§ **RECORD EXCERPTS**

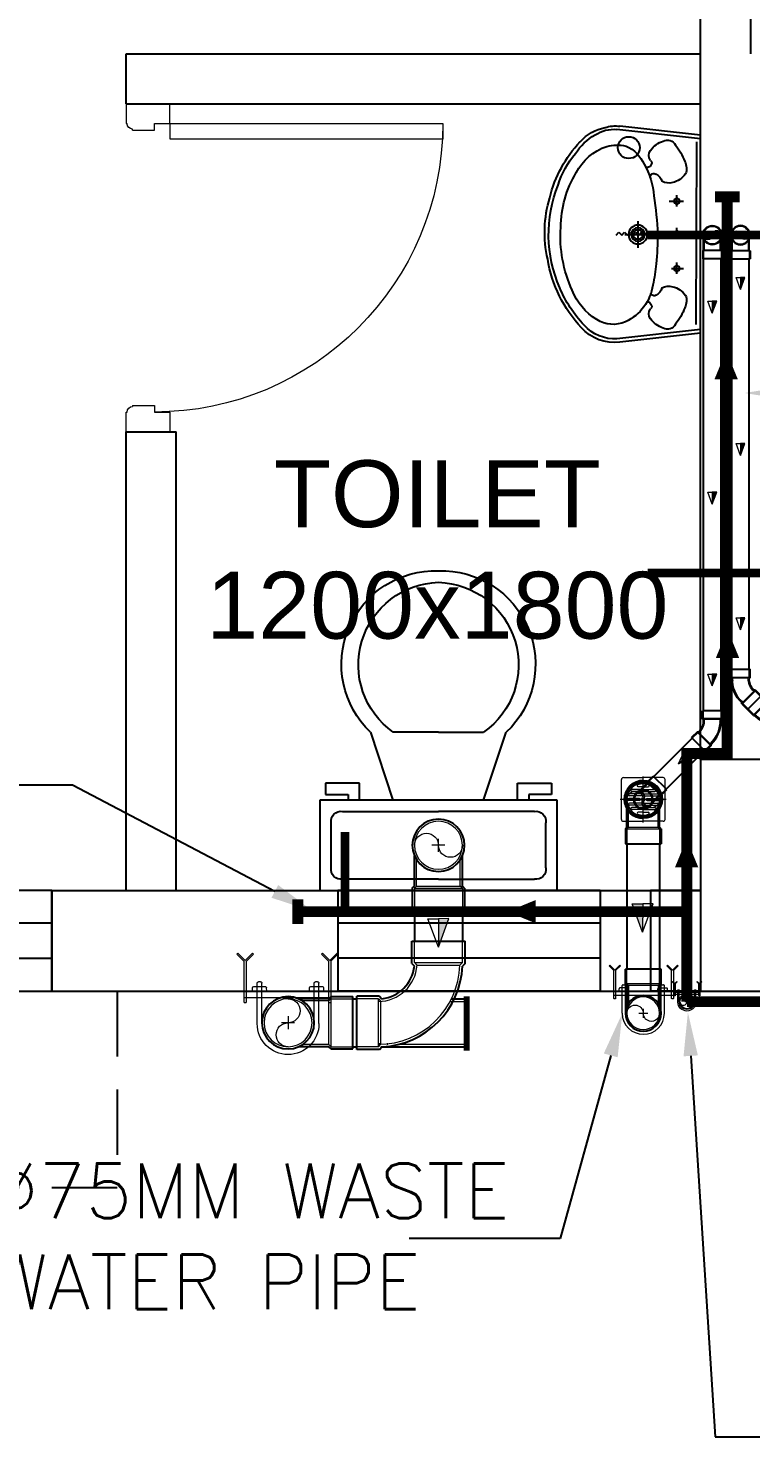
# Model space of a CAD drawing. Header units: millimetres. Extents: x 1448174 to 1599581, y -224422 to -106989.
# Drawn here: x 1560233 to 1561887, y -207103 to -203879 of the extents above; entities that cross this region are included whole.
import ezdxf
from ezdxf import colors
from ezdxf.entities.mleader import LeaderData, LeaderLine
from ezdxf.math import Vec2, Vec3

# ---------------------------------------------------------------- set-up
doc = ezdxf.new("R2010")
doc.units = ezdxf.units.MM
doc.header["$LTSCALE"] = 600
doc.header["$MEASUREMENT"] = 0
for name, pattern in [('AI9-LType1', [1.875, 1.25, -0.625]), ('CENTER2', [1.125, 0.75, -0.125, 0.125, -0.125]), ('HIDDEN', [0.375, 0.25, -0.125])]:
    doc.linetypes.add(name, pattern=pattern)
for name, color, linetype, lineweight in [('22-FTfix', 8, 'Continuous', 9), ('DOOR', 144, 'Continuous', 13), ('P-Wall', 1, 'Continuous', 35), ('PHE-SP', 1, 'Continuous', 0), ('PL-CLAMP', 211, 'Continuous', 13), ('PL-RA WATER SUPPLY PIPE', 100, 'Continuous', 0), ('PL-SOFT  WATER SUPPLY PIPE', 162, 'Continuous', 9), ('PL-WATER PIPE CLAMP', 6, 'Continuous', 9), ('PL-WATER PIPING', 1, 'Continuous', 9), ('WALL LINE', 7, 'Continuous', 35)]:
    doc.layers.add(name, color=color, linetype=linetype, lineweight=lineweight)
for name, color, linetype in [('col', 5, 'Continuous'), ('Lines', 7, 'Continuous'), ('MEP_HVAC_DRAIN_PIPE', 7, 'Continuous'), ('phe-text', 1, 'Continuous'), ('PL- WASTE PIPE', 6, 'Continuous'), ('PL-SOIL PIPE', 1, 'Continuous'), ('TEXT', 253, 'Continuous'), ('wall', 1, 'Continuous'), ('walls', 250, 'Continuous'), ('Window', 4, 'Continuous')]:
    doc.layers.add(name, color=color, linetype=linetype)
doc.styles.add('ARIAL', font='arial.ttf')
doc.styles.add('ROMANS', font='romans.shx')
doc.styles.get("Standard").update_dxf_attribs({"font": 'stylu.ttf'})

# ---------------------------------------------------------------- blocks, each defined once
blk = doc.blocks.new('750')
at = {"layer": 'DOOR', "color": 8}
for p, q in [((-50, 705), (-47.5, 705)), ((-35, 690), (-35, 692.5)), ((50, 45), (50, 80)), ((50, 80), (675, 80)), ((675, 45), (675, 80)), ((-50, 45), (-47.5, 45)), ((-35, 60), (-35, 57.5)), ((50, 45), (675, 45))]:
    blk.add_line(p, q, dxfattribs=at)
for points in [[(15, 690), (15, 705), (50, 705), (50, 750), (-50, 750), (-50, 705)], [(-35, 690), (15, 690)], [(15, 60), (15, 45), (50, 45), (50, 0), (-50, 0), (-50, 45)], [(-35, 60), (15, 60)]]:
    blk.add_lwpolyline(points, dxfattribs=at)
for centre, radius, start, end in [((-35, 705), 12.5, 180, 270), ((15, 45), 660, 0, 90), ((-35, 45), 12.5, 90, 180)]:
    blk.add_arc(centre, radius, start, end, dxfattribs=at)
blk = doc.blocks.new('W1800')
at = {"layer": 'wall', "color": 7}
for p, q in [((0, -57.5), (0, 172.5)), ((1800, 172.5), (1800, -57.5))]:
    blk.add_line(p, q, dxfattribs=at)
at = {"layer": 'Window'}
for p, q in [((0, 172.5), (1800, 172.5)), ((0, 97.5), (1800, 97.5)), ((1800, 17.5), (0, 17.5)), ((1800, -57.5), (0, -57.5))]:
    blk.add_line(p, q, dxfattribs=at)
blk = doc.blocks.new('clamp')
at = {"layer": 'PL-CLAMP'}
for p, q in [((105.4, 198.4), (168.6, 198.4)), ((156.2, 205.8), (161.2, 205.8)), ((163.2, 185.7), (163.2, 203.8)), ((105.4, 191.1), (168.6, 191.1)), ((156.2, 183.7), (161.2, 183.7)), ((170.6, 196.4), (170.6, 193.1)), ((156.2, 116.8), (161.2, 116.8)), ((163.2, 96.7), (163.2, 114.8)), ((105.4, 109.4), (168.6, 109.4)), ((105.4, 102), (168.6, 102)), ((156.2, 94.7), (161.2, 94.7)), ((170.6, 107.4), (170.6, 104))]:
    blk.add_line(p, q, dxfattribs=at)
for points in [[(138.4, 216.5, -0.414214), (139.4, 217.5), (203.1, 217.5), (214, 228.4), (215.4, 227), (203.9, 215.5), (215.3, 204), (213.9, 202.6), (203, 213.5), (139.4, 213.5, -0.414214), (138.4, 214.5), (138.4, 216.5)], [(138.4, 84.3, -0.414214), (139.4, 85.3), (203.1, 85.3), (214, 96.3), (215.4, 94.9), (203.9, 83.3), (215.3, 71.9), (213.9, 70.5), (203, 81.3), (139.4, 81.3, -0.414214), (138.4, 82.3), (138.4, 84.3)]]:
    blk.add_lwpolyline(points, format="xyb", dxfattribs=at)
for points in [[(146.2, 81.3), (146.2, 217.5)], [(156.2, 81.3), (156.2, 217.5)]]:
    blk.add_lwpolyline(points, dxfattribs=at)
for centre, radius, start, end in [((105.4, 150.2), 48.2, 90, 270), ((161.2, 203.8), 2, 0, 90), ((168.6, 196.4), 2, 0, 90), ((161.2, 185.7), 2, 270, 0), ((168.6, 193.1), 2, 270, 0), ((161.2, 114.8), 2, 0, 90), ((161.2, 96.7), 2, 270, 0), ((168.6, 107.4), 2, 0, 90), ((168.6, 104), 2, 270, 0)]:
    blk.add_arc(centre, radius, start, end, dxfattribs=at)
blk = doc.blocks.new('RISER UP 100')
at = {"color": 0, "linetype": 'Continuous'}
for p, q in [((-98.5, 60), (-148.5, 60)), ((-148.5, -60), (-148.5, 60)), ((-98.5, 60), (-93.5, 55)), ((-93.5, 55), (-24, 55)), ((-98.5, -60), (-148.5, -60)), ((-98.5, -60), (-93.5, -55)), ((-93.5, -55), (-24, -55))]:
    blk.add_line(p, q, dxfattribs=at)
at = {"color": 8, "linetype": 'Continuous', "lineweight": 0, "ltscale": 0.005}
for p, q in [((-98.5, 55), (-148.5, 55)), ((-98.5, -55), (-98.5, 55)), ((-98.5, 55), (-93.5, 50)), ((-93.5, -50), (-93.5, 50)), ((-93.5, 50), (-33.2, 50)), ((-98.5, -55), (-148.5, -55)), ((-98.5, -55), (-93.5, -50)), ((-93.5, -50), (-33.2, -50))]:
    blk.add_line(p, q, dxfattribs=at)
at = {"color": 8, "linetype": 'CENTER2', "lineweight": 0}
for p, q in [((-15, 0), (15, 0)), ((0, 15), (0, -15))]:
    blk.add_line(p, q, dxfattribs=at)
at = {"color": 0, "linetype": 'Continuous'}
blk.add_circle((0, 0), 60, dxfattribs=at)
at = {"color": 8, "linetype": 'Continuous', "lineweight": 0, "ltscale": 0.005}
blk.add_circle((0, 0), 55, dxfattribs=at)
at = {"color": 8, "linetype": 'Continuous', "lineweight": 0}
for centre, start, end in [((0, 27.5), 90, 270), ((0, -27.5), 270, 90)]:
    blk.add_arc(centre, 27.5, start, end, dxfattribs=at)
blk = doc.blocks.new('ELBOW')
at = {"color": 0, "linetype": 'Continuous'}
for p, q in [((-114.4, 296.4), (107.1, 296.4)), ((-114.4, 202.7), (-114.4, 296.4)), ((107.1, 202.7), (107.1, 296.4)), ((-114.4, 202.7), (-103.8, 192.1)), ((-103.5, 196.4), (-103.5, -160.2)), ((107.1, 202.7), (96.3, 192)), ((242.9, 67.8), (232.3, 57.2)), ((242.9, 67.8), (336.6, 67.8)), ((336.6, 67.8), (336.6, -153.6)), ((96.1, -97.1), (96.1, -160.2)), ((242.9, -153.6), (232.6, -143.3)), ((242.9, -153.6), (336.6, -153.6))]:
    blk.add_line(p, q, dxfattribs=at)
at = {"color": 8, "linetype": 'Continuous', "lineweight": 0, "ltscale": 0.005}
for p, q in [((-103.7, 207.1), (-103.7, 296.4)), ((96.3, 207.1), (96.3, 296.4)), ((-103.7, 207.1), (96.3, 207.1)), ((-103.7, 207.1), (-92.9, 196.4)), ((-93, 196.4), (85.6, 196.4)), ((96.3, 207.1), (85.6, 196.4)), ((-92.8, 119.8), (-92.8, -160.2)), ((236.6, 46.5), (236.6, -132.2)), ((247.3, 57.1), (236.9, 46.7)), ((247.3, 57.1), (247.3, -142.9)), ((247.3, 57.1), (336.6, 57.1)), ((85.4, -91.6), (85.4, -160.2)), ((247.3, -142.9), (236.9, -132.5)), ((247.3, -142.9), (336.6, -142.9))]:
    blk.add_line(p, q, dxfattribs=at)
at = {"color": 8, "linetype": 'Continuous', "ltscale": 0.005}
blk.add_line((-93, 167.9), (-93, 170.4), dxfattribs=at)
at = {"color": 0, "linetype": 'Continuous', "const_width": 25}
blk.add_lwpolyline([(-119, -160.2), (106.7, -160.2)], dxfattribs=at)
at = {"color": 0, "linetype": 'Continuous'}
for centre, radius, start, end in [((248.1, 208.5), 352.2, 182.67877, 267.48884), ((248.4, 209.4), 153.1, 186.55293, 263.94685)]:
    blk.add_arc(centre, radius, start, end, dxfattribs=at)
at = {"color": 8, "linetype": 'Continuous', "lineweight": 0, "ltscale": 0.005}
for centre, radius, start, end in [((246.3, 207.1), 339.3, 180, 268.35636), ((246.9, 207.3), 161.5, 180.08228, 266.34676)]:
    blk.add_arc(centre, radius, start, end, dxfattribs=at)
at = {"layer": 'PL-SOIL PIPE', "ltscale": 300}
blk.add_line((-92.9, 196.4), (-92.9, 207.1), dxfattribs=at)
blk = doc.blocks.new('A$C0B1B3CFA')
at = {"layer": 'PHE-SP'}
h = blk.add_hatch(color=7, dxfattribs=at)
h.dxf.hatch_style = 1
h.paths.add_polyline_path([(-0.0495, 0.0226), (-0.0495, 0), (0.0124, 0)])
at = {"layer": 'PHE-SP', "color": 7}
for points in [[(-0.0495, 0), (0.0124, 0), (-0.0495, 0.0226), (-0.0495, 0)], [(-0.0495, 0), (0.0124, 0), (-0.0495, -0.0226), (-0.0495, 0)]]:
    blk.add_lwpolyline(points, dxfattribs=at)
blk = doc.blocks.new('Z$W@#3BD47561')
at = {"layer": 'PHE-SP', "xscale": 49.00933755098914, "yscale": 49.00933755098914, "zscale": 49.00933755098914, "rotation": 270}
blk.add_blockref('A$C0B1B3CFA', (0, 0), dxfattribs=at)
blk = doc.blocks.new('Z$W@#4AA511D8')
at = {"layer": 'phe-text', "linetype": 'ByBlock', "lineweight": -2, "ltscale": 0.5, "xscale": 0.0244727334018079, "yscale": 0.0244727334018079, "zscale": 0.0244727334018079, "rotation": 270}
blk.add_blockref('Z$W@#3BD47561', (0.0148, 0), dxfattribs=at)
blk = doc.blocks.new('A$C525867A1')
at = {"layer": '22-FTfix', "color": 1, "lineweight": 0}
for p, q in [((-3.7, 76.6), (-40.1, 40.1)), ((76.4, 3.7), (3.3, 76.6)), ((-76.6, 3.5), (-40.1, 40.1)), ((42, 42.1), (-42, -42.1)), ((-3.5, -76.4), (-76.6, -3.4)), ((76.4, -3.3), (39.9, -39.8)), ((3.4, -76.4), (39.9, -39.8))]:
    blk.add_line(p, q, dxfattribs=at)
at = {"layer": '22-FTfix', "color": 1, "linetype": 'AI9-LType1', "lineweight": 0}
blk.add_line((42, -41.9), (-42.2, 42.1), dxfattribs=at)
at = {"layer": '22-FTfix', "color": 3, "lineweight": 0}
for p, q in [((-18.4, 18.3), (2.7, 39.5)), ((-18.4, 18.3), (-39.5, -2.8)), ((-10.4, 10.4), (-35.8, -15.1)), ((-14.5, 14.5), (-35.7, -6.6)), ((-23.3, 23.2), (-32.4, 14)), ((-6.5, 6.5), (-31.9, -18.9)), ((-23.3, 23.2), (-14.1, 32.4)), ((-14.5, 14.5), (6.6, 35.7)), ((-10.4, 10.4), (15, 35.8)), ((-6.5, 6.5), (18.9, 32)), ((-1.9, 1.2), (-1.5, 1.5)), ((-1.4, 0.7), (-1.9, 1.2)), ((-1.2, 1.9), (-1.5, 1.5)), ((-0.7, 1.4), (-1.2, 1.9)), ((1.2, 1.9), (0.7, 1.4)), ((1.9, 1.2), (1.2, 1.9)), ((1.9, 1.2), (1.4, 0.7)), ((5.2, 9.3), (24.6, 28.7)), ((6.5, -6.5), (31.9, 18.9)), ((9.2, 5.2), (28.6, 24.6)), ((10.4, -10.4), (35.8, 15.1)), ((14.5, -14.5), (35.7, 6.6)), ((18.4, -18.3), (39.5, 2.8)), ((-9.2, -5.2), (-28.6, -24.6)), ((-5.2, -9.3), (-24.6, -28.7)), ((6.5, -6.5), (-18.9, -32)), ((10.4, -10.4), (-15, -35.8)), ((14.5, -14.5), (-6.6, -35.7)), ((18.4, -18.3), (-2.7, -39.5)), ((-1.9, -1.2), (-1.4, -0.7)), ((-1.2, -1.9), (-1.9, -1.2)), ((-1.2, -1.9), (-0.7, -1.4)), ((1.2, -1.9), (0.7, -1.4)), ((1.2, -1.9), (1.5, -1.5)), ((1.9, -1.2), (1.4, -0.7)), ((1.9, -1.2), (1.5, -1.5)), ((23.3, -23.2), (14.1, -32.4)), ((23.3, -23.2), (32.4, -14))]:
    blk.add_line(p, q, dxfattribs=at)
at = {"layer": '22-FTfix', "color": 1, "lineweight": 0}
blk.add_circle((-0.1, 0.1), 49.4, dxfattribs=at)
at = {"layer": '22-FTfix', "color": 3, "lineweight": 0}
for centre, radius in [((0, 0), 45.2), ((-0.1, -0.1), 44.9), ((0, 0), 4.18), ((0, 0), 3.93)]:
    blk.add_circle(centre, radius, dxfattribs=at)
at = {"layer": '22-FTfix', "color": 1, "lineweight": 0}
for points in [[(3.3, 76.6), (1.4, 78.5), (-1.8, 78.5), (-3.7, 76.6)], [(-76.6, 3.5), (-78.5, 1.6), (-78.5, -1.5), (-76.6, -3.4)], [(76.4, -3.3), (78.3, -1.4), (78.3, 1.8), (76.4, 3.7)], [(-3.5, -76.4), (-1.6, -78.3), (1.5, -78.3), (3.4, -76.4)]]:
    blk.add_open_spline(points, degree=3, dxfattribs=at)
for points in [[(-35.3, 35.2), (-15.9, 54.6), (15.5, 54.6), (35, 35.3), (54.4, 15.9), (54.4, -15.6), (35, -35)], [(-35.3, 35.2), (-54.6, 15.8), (-54.6, -15.7), (-35.2, -35), (-15.8, -54.4), (15.7, -54.4), (35, -35)]]:
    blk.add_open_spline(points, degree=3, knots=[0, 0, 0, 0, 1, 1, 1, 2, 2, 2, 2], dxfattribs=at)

§ **WHAT THIS TASK INVOLVES**
Take the records above from their first line through the line with "doc.linetypes.add(name, pattern=pattern)" and set those lines down word for word, minus the pictures.

§ **EXERCISE ANSWER**
# Model space of a CAD drawing. Header units: millimetres. Extents: x 1448174 to 1599581, y -224422 to -106989.
# Drawn here: x 1560233 to 1561887, y -207103 to -203879 of the extents above; entities that cross this region are included whole.
import ezdxf
from ezdxf import colors
from ezdxf.entities.mleader import LeaderData, LeaderLine
from ezdxf.math import Vec2, Vec3

# ---------------------------------------------------------------- set-up
doc = ezdxf.new("R2010")
doc.units = ezdxf.units.MM
doc.header["$LTSCALE"] = 600
doc.header["$MEASUREMENT"] = 0
for name, pattern in [('AI9-LType1', [1.875, 1.25, -0.625]), ('CENTER2', [1.125, 0.75, -0.125, 0.125, -0.125]), ('HIDDEN', [0.375, 0.25, -0.125])]:
    doc.linetypes.add(name, pattern=pattern)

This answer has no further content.